Creating a truly clean stove depends on three factors. One, is the fuel source. When talking about the role carbon dioxide plays in climate change, it is important, says Kular, to differentiate between in-cycle carbon and out-of-cycle carbon. “People often get those confused.” In-cycle carbon includes trees and plants and even the carbon dioxide that we exhale when we breathe. “Oil and coal and everything that is buried is out-of-cycle carbon.” The problem lies with taking that out of cycle carbon and combusting that – especially inefficiently. This adds ever higher levels of CO2 to the atmosphere. His stove is designed to use in-cycle carbon. In theory, it could use any organic material, but that creates logistical problems – you’d need a wheelbarrow full of wood shavings to cook a meal. Compressed biomass wood pellets or other forms of compressed biomass would be a better choice.

“But if you touch a match to wood pellets,” he says, “all they’ll do is smoulder.” How to ignite it? The high temperature device he held up for the camera is one part of the answer. The other came from personal experience.

“I used to dive a lot as a kid,” he says. “And in those days, we used compressed air as our air source.” Since then, however, all divers, even amateur ones, have switched to nitrox, an enriched air source that features a higher oxygen content. Kular’s stove features a manifold that combines regular air with this enriched oxygen – it could be commercially available nitrox, or it might be created by a filter attached to the manifold. Bathe those wood pellets in this enriched air mixture and hit them with a plasma stream and it breaks down the fuel into very simple carbon molecules and is almost entirely combusted. “All that comes off is a little bit of water, and some actual carbon you could spread on your garden,” he says. AirStoveOne, as he calls it, burns so cleanly, you can even use it indoors. He incorporated his company, AirStoveOne Incorporated, in April 2018.

As a resident of nearby Wolfe Island, connecting with Queen’s Partnerships and Innovation in Kingston made good sense.
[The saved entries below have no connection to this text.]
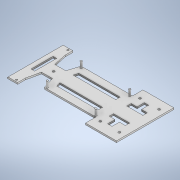
# Autodesk Inventor part: onderplaat final
Saved by Autodesk Inventor 2022 (Build 260153000, 153)
## iProperties
Created: 2022-10-31
Part Number: onderplaat final
Material: Generic
Document SubType Name: Modeling
Designer: devol
Density: 1 g/cm^3
Appearance: Default
Author: devol
Autodesk Inventor part; units mm, degrees
ref_plane "YZ Plane" through (0, 0, 0) normal (1, 0, 0) x (0, 1, 0)
ref_plane "XZ Plane" through (0, 0, 0) normal (0, 1, 0) x (-1, 0, 0)
ref_plane "XY Plane" through (0, 0, 0) normal (0, 0, 1) x (1, 0, 0)
sketch "Sketch1" plane through (0, 0, 0) normal (0, 1, 0) x (-1, 0, 0)
  line L0 (42, -64) -> (112, -64)
  line L1 (112, -64) -> (112, -14)
  line L2 (112, -14) -> (42, -14)
  line L3 (112, -39) -> (112, -30)
  line L4 (112, -39) -> (112, -48)
  line L5 (112, -30) -> (136, -30)
  line L6 (136, -30) -> (136, -48)
  line L7 (136, -48) -> (112, -48)
  line L8 (112, -30) -> (117, -30)
  line L9 (117, -30) -> (112, -14)
  line L10 (112, -48) -> (117, -48)
  line L11 (117, -48) -> (112, -64)
  line L12 (136, -30) -> (136, -1.5)
  line L13 (136, -1.5) -> (150, -1.5)
  line L14 (136, -48) -> (136, -76.5)
  line L15 (136, -76.5) -> (150, -76.5)
  line L16 (150, -76.5) -> (150, -1.5)
  line L17 (42, -14) -> (42, 0)
  line L18 (42, 0) -> (42, -78)
  line L19 (42, -78) -> (0, -78)
  line L20 (0, -78) -> (0, 0)
  line L21 (0, 0) -> (42, 0)
  line L22 (136, -30) -> (132, -30)
  line L23 (136, -30) -> (136, -12)
  line L24 (136, -12) -> (132, -30)
  line L25 (136, -48) -> (132, -48)
  line L26 (136, -48) -> (136, -66)
  line L27 (136, -66) -> (132, -48)
  dimension "d3" = 70
  dimension "d4" = 50
  dimension "d5" = 9
  dimension "d6" = 9
  dimension "d7" = 24
  dimension "d8" = 18
  dimension "d9" = 5
  dimension "d10" = 5
  dimension "d11" = 28.5
  dimension "d12" = 14
  dimension "d13" = 28.5
  dimension "d14" = 14
  dimension "d20" = 78
  dimension "d21" = 42
  dimension "d22" = 14
  dimension "d23" = 14
  dimension "d24" = 1.5
  dimension "d25" = 94
  dimension "d26" = 4
  dimension "d27" = 18
  dimension "d28" = 4
  dimension "d29" = 18
  constraints: 56 end point, 9 point on line, 7 perpendicular, 3 vertical, 1 horizontal, 1 midpoint
  measures "d3" distance of L0.start L0.end
  measures "d4" distance of L0.end L1.end
  measures "d5" distance of L3.start L3.end
  measures "d6" distance of L3.start L4.end
  measures "d7" distance of L3.end L5.end
  measures "d8" distance of L5.end L6.end
  measures "d9" distance of L3.end L8.end
  measures "d10" distance of L4.end L10.end
  measures "d11" distance of L5.end L12.end
  measures "d12" distance of L12.end L13.end
  measures "d13" distance of L6.end L14.end
  measures "d14" distance of L14.end L15.end
  measures "d20" distance of L17.end L18.end
  measures "d21" distance between parallel lines of L20 L17
  measures "d22" distance from line of L17.end L2
  measures "d23" distance from line of L18.end L0
  measures "d24" distance from line of L17.end L13
  measures "d25" distance between parallel lines of L18 L14
  measures "d26" distance of L5.end L22.end
  measures "d27" distance of L5.end L23.end
  measures "d28" distance of L6.end L25.end
  measures "d29" distance of L6.end L26.end
extrude "Extrusion1" add sketch "Sketch1" along normal blind 2.2
sketch "Sketch2" plane through (0, 2.2, 0) normal (0, 1, 0) x (1, 0, 0)
  circle A0 centre (-34, 12) radius 1.5
  circle A1 centre (-8, 12) radius 1.5
  line L0 (-42, 0) -> (0, 0) projected
  line L1 (0, 0) -> (0, 78) projected
  line L2 (-42, 14) -> (-42, 0) projected
  circle A2 centre (-34, 66) radius 1.5
  circle A3 centre (-8, 66) radius 1.5
  line L3 (-42, 78) -> (-42, 64) projected
  line L4 (0, 78) -> (-42, 78) projected
  circle A4 centre (-124.5, 39) radius 1.5
  line L5 (-132, 30) -> (-117, 30) projected
  circle A5 centre (-140, 4) radius 1.25
  line L6 (-136, 1.5) -> (-136, 12) projected
  line L7 (-150, 1.5) -> (-136, 1.5) projected
  circle A6 centre (-140, 74) radius 1.25
  line L8 (-136, 66) -> (-136, 76.5) projected
  line L9 (-136, 76.5) -> (-150, 76.5) projected
  line L10 (-142.75, 26.5) -> (-137.75, 26.5)
  line L11 (-137.75, 26.5) -> (-137.75, 56.5)
  line L12 (-137.75, 56.5) -> (-142.75, 56.5)
  line L13 (-142.75, 56.5) -> (-142.75, 26.5)
  line L14 (-150, 76.5) -> (-150, 1.5) projected
  dimension "d32" = 3
  dimension "d33" = 3
  dimension "d34" = 12
  dimension "d35" = 8
  dimension "d36" = 8
  dimension "d37" = 12
  dimension "d38" = 3
  dimension "d39" = 3
  dimension "d40" = 8
  dimension "d41" = 12
  dimension "d42" = 12
  dimension "d43" = 8
  dimension "d44" = 9
  dimension "d45" = 7.5
  dimension "d46" = 3
  dimension "d47" = 2.5
  dimension "d48" = 4
  dimension "d49" = 2.5
  dimension "d50" = 2.5
  dimension "d51" = 4
  dimension "d52" = 2.5
  dimension "d53" = 5
  dimension "d54" = 30
  dimension "d55" = 20
  dimension "d56" = 7.25
  constraints: 8 end point, 7 centre point, 2 parallel, 1 horizontal, 1 perpendicular
  measures "d32" diameter of A1
  measures "d33" diameter of A0
  measures "d34" distance from line of L0 A1.centre
  measures "d35" distance from line of L1 A1.centre
  measures "d36" distance from line of L2 A0.centre
  measures "d37" distance from line of L0 A0.centre
  measures "d38" diameter of A2
  measures "d39" diameter of A3
  measures "d40" distance from line of L3 A2.centre
  measures "d41" distance from line of L4 A2.centre
  measures "d42" distance from line of L4 A3.centre
  measures "d43" distance from line of L1 A3.centre
  measures "d44" distance from line of L5 A4.centre
  measures "d45" horizontal distance of L5.end A4.centre
  measures "d46" diameter of A4
  measures "d47" diameter of A5
  measures "d48" distance from line of L6 A5.centre
  measures "d49" distance from line of L7 A5.centre
  measures "d50" diameter of A6
  measures "d51" distance from line of L8 A6.centre
  measures "d52" distance from line of L9 A6.centre
  measures "d53" distance of L12.end L11.end
  measures "d54" distance of L11.end L10.end
  measures "d55" distance between parallel lines of L9 L12
  measures "d56" distance between parallel lines of L13 L14
extrude "Extrusion2" cut sketch "Sketch2" against normal blind 2.2
sketch "Sketch3" plane through (0, 2.2, 0) normal (0, 1, 0) x (1, 0, 0)
  line L0 (-42, 14) -> (-42, 0) projected
  line L1 (-42, 64) -> (-112, 64) projected
  line L2 (-42, 14) -> (-112, 14)
  line L3 (-112, 14) -> (-112, 64)
  line L4 (-112, 64) -> (-42, 64)
  line L5 (-42, 64) -> (-42, 14)
  circle A0 centre (-110, 16) radius 1.3
  circle A1 centre (-110, 62) radius 1.3
  circle A2 centre (-44, 16) radius 1.3
  circle A3 centre (-44, 62) radius 1.3
  point P0 (0, 0)
  dimension "d59" = 2
  dimension "d60" = 2
  dimension "d61" = 2.6
  dimension "d62" = 2
  dimension "d63" = 2
  dimension "d64" = 2.6
  dimension "d65" = 2.6
  dimension "d66" = 2.6
  dimension "d67" = 2
  dimension "d68" = 2
  dimension "d69" = 2
  dimension "d70" = 2
  constraints: 8 end point, 4 centre point, 2 parallel, 1 horizontal, 1 perpendicular
  measures "d59" distance from line of A0.centre L3
  measures "d60" distance from line of A0.centre L2
  measures "d61" diameter of A0
  measures "d62" distance from line of A1.centre L3
  measures "d63" distance from line of L1 A1.centre
  measures "d64" diameter of A1
  measures "d65" diameter of A2
  measures "d66" diameter of A3
  measures "d67" distance from line of A2.centre L2
  measures "d68" distance from line of L5 A2.centre
  measures "d69" distance from line of L1 A3.centre
  measures "d70" distance from line of L5 A3.centre
extrude "Extrusion3" add sketch "Sketch3" along normal blind 8 contours A0 | A1 | A2 | A3
sketch "Sketch4" plane through (0, 2.2, 0) normal (0, 1, 0) x (1, 0, 0)
  line L0 (-132, 30) -> (-117, 30) projected
  line L1 (-117, 30) -> (-112, 14) projected
  line L2 (-105.125, 24) -> (-107, 30)
  line L3 (-117, 48) -> (-132, 48) projected
  line L4 (-112, 64) -> (-117, 48) projected
  line L5 (-112, 64) -> (-102, 64)
  line L6 (-42, 64) -> (-112, 64) projected
  line L7 (-107, 48) -> (-105.125, 54)
  line L8 (-112, 14) -> (-42, 14) projected
  line L9 (-107, 30) -> (-49, 30)
  line L10 (-49, 30) -> (-49, 24)
  line L11 (-105.125, 24) -> (-49, 24)
  line L12 (-107, 48) -> (-49, 48)
  line L13 (-49, 48) -> (-49, 54)
  line L14 (-105.125, 54) -> (-49, 54)
  point P0 (0, 0)
  dimension "d79" = 10
  dimension "d88" = 10
  dimension "d93" = 10
  dimension "d111" = 58
  dimension "d112" = 6
  dimension "d113" = 10
  dimension "d114" = 6
  dimension "d115" = 72.646
  dimension "d116" = 58
  dimension "d117" = 56.125
  dimension "d118" = 18
  dimension "d119" = 6
  dimension "d120" = 6
  constraints: 18 end point, 3 horizontal, 1 point on line
  measures "d79" distance of L4.start L5.end
  measures "d88" distance of L0.end L2.end
  measures "d93" distance of L7.start L3.start
  measures "d111" distance of L2.end L9.end
  measures "d112" distance of L9.end L10.end
  measures "d113" distance between parallel lines of L8 L11
  measures "d114" distance between parallel lines of L9 L11
  measures "d115" angle of L9 L2
  measures "d116" distance of L7.start L12.end
  measures "d117" distance of L13.end L7.end
  measures "d118" distance between parallel lines of L9 L12
  measures "d119" distance of L13.end L12.end
  measures "d120" distance between parallel lines of L12 L14
extrude "Extrusion4" cut sketch "Sketch4" against normal blind 8
sketch "Sketch6" plane through (0, 2.2, 0) normal (0, 1, 0) x (1, 0, 0)
  line L0 (-34, 24) -> (-26, 24)
  line L1 (-26, 24) -> (-26, 14)
  line L2 (-26, 14) -> (-20, 14)
  line L3 (-34, 24) -> (-34, 30)
  line L4 (-34, 30) -> (-20, 30)
  line L5 (-20, 14) -> (-20, 24)
  line L6 (-20, 24) -> (-12, 24)
  line L7 (-12, 24) -> (-12, 30)
  line L8 (-12, 30) -> (-20, 30)
  line L9 (0, 0) -> (0, 78) projected
  line L10 (0, 39) -> (-41.084, 39)
  line L11 (-34, 54) -> (-26, 54)
  line L12 (-26, 54) -> (-26, 64)
  line L13 (-26, 64) -> (-20, 64)
  line L14 (-34, 54) -> (-34, 48)
  line L15 (-34, 48) -> (-20, 48)
  line L16 (-20, 64) -> (-20, 54)
  line L17 (-20, 54) -> (-12, 54)
  line L18 (-12, 54) -> (-12, 48)
  line L19 (-12, 48) -> (-20, 48)
  line L20 (-49, 30) -> (-49, 24) projected
  dimension "d97" = 8
  dimension "d98" = 10
  dimension "d99" = 6
  dimension "d100" = 16
  dimension "d101" = 6
  dimension "d102" = 10
  dimension "d103" = 8
  dimension "d104" = 6
  dimension "d105" = 9
  dimension "d121" = 15
  constraints: 38 end point, 9 symmetric about line, 6 perpendicular, 2 vertical, 1 horizontal, 1 midpoint
  measures "d97" distance of L0.start L0.end
  measures "d98" distance of L0.end L1.end
  measures "d99" distance of L1.end L2.end
  measures "d100" distance of L2.end L4.end
  measures "d101" distance of L0.start L3.end
  measures "d102" distance of L2.end L5.end
  measures "d103" distance of L5.end L6.end
  measures "d104" distance of L6.end L7.end
  measures "d105" distance between parallel lines of L10 L4
  measures "d121" distance between parallel lines of L3 L20
extrude "Extrusion5" cut sketch "Sketch6" against normal blind 8
chamfer "Chamfer1" distance 1 angle 45 1 edges at (-150, 2.2, -39)
body "Solid1"

He moved into the QPI’s location in Innovation Park in 2018 and when the team shifted to their current Bagot Street location moved there, where he has kept working throughout COVID-19. He is currently part of QPI’s Runway program aimed at companies that have a product or idea, but as yet no regular, recurring revenues. Given his previous experience as an entrepreneur, Kular’s situation is a little different from many other participants in the program, but he says, “It’s still a positive place to be.”

“It’s a good bunch of talents,” he says of the people at QPI. “Rick Boswell [QPI’s Assistant Director of Programs and Operations] is an invaluable person to know and Amanda Gilbert [QPI’s Communications Coordinator] is a super organized person who gets things done. I have my own patent agents, but the patent people here are great to bounce ideas off.”

“They have found talent for me – I have four Queen’s engineering grads working for me – and I even connected with a good electrical engineer because he plays soccer with someone who worked next to me.” For Kular, his relationship to QPI is a two-way street: “I’m a resource for the guys that are in their twenties here.”

He had originally hoped to license the technology to barbecue manufacturers, but that has not worked out. “They’re all operating in niches, more or less monopolistically,” he says, “so there’s no great incentive to adopt new technology.” He’s looking into manufacturing it. “I’ve gone that route before,” he says. With that in mind, he’s having additional design work done and some other parts fabricated in Switzerland.

And thinking ahead. Holding up his stove’s manifold, a longitudinal square metal box open at both ends, he says, “I plan to make this right here.” Somewhere down the line, “This will be Kingston’s largest manufacturing industry.”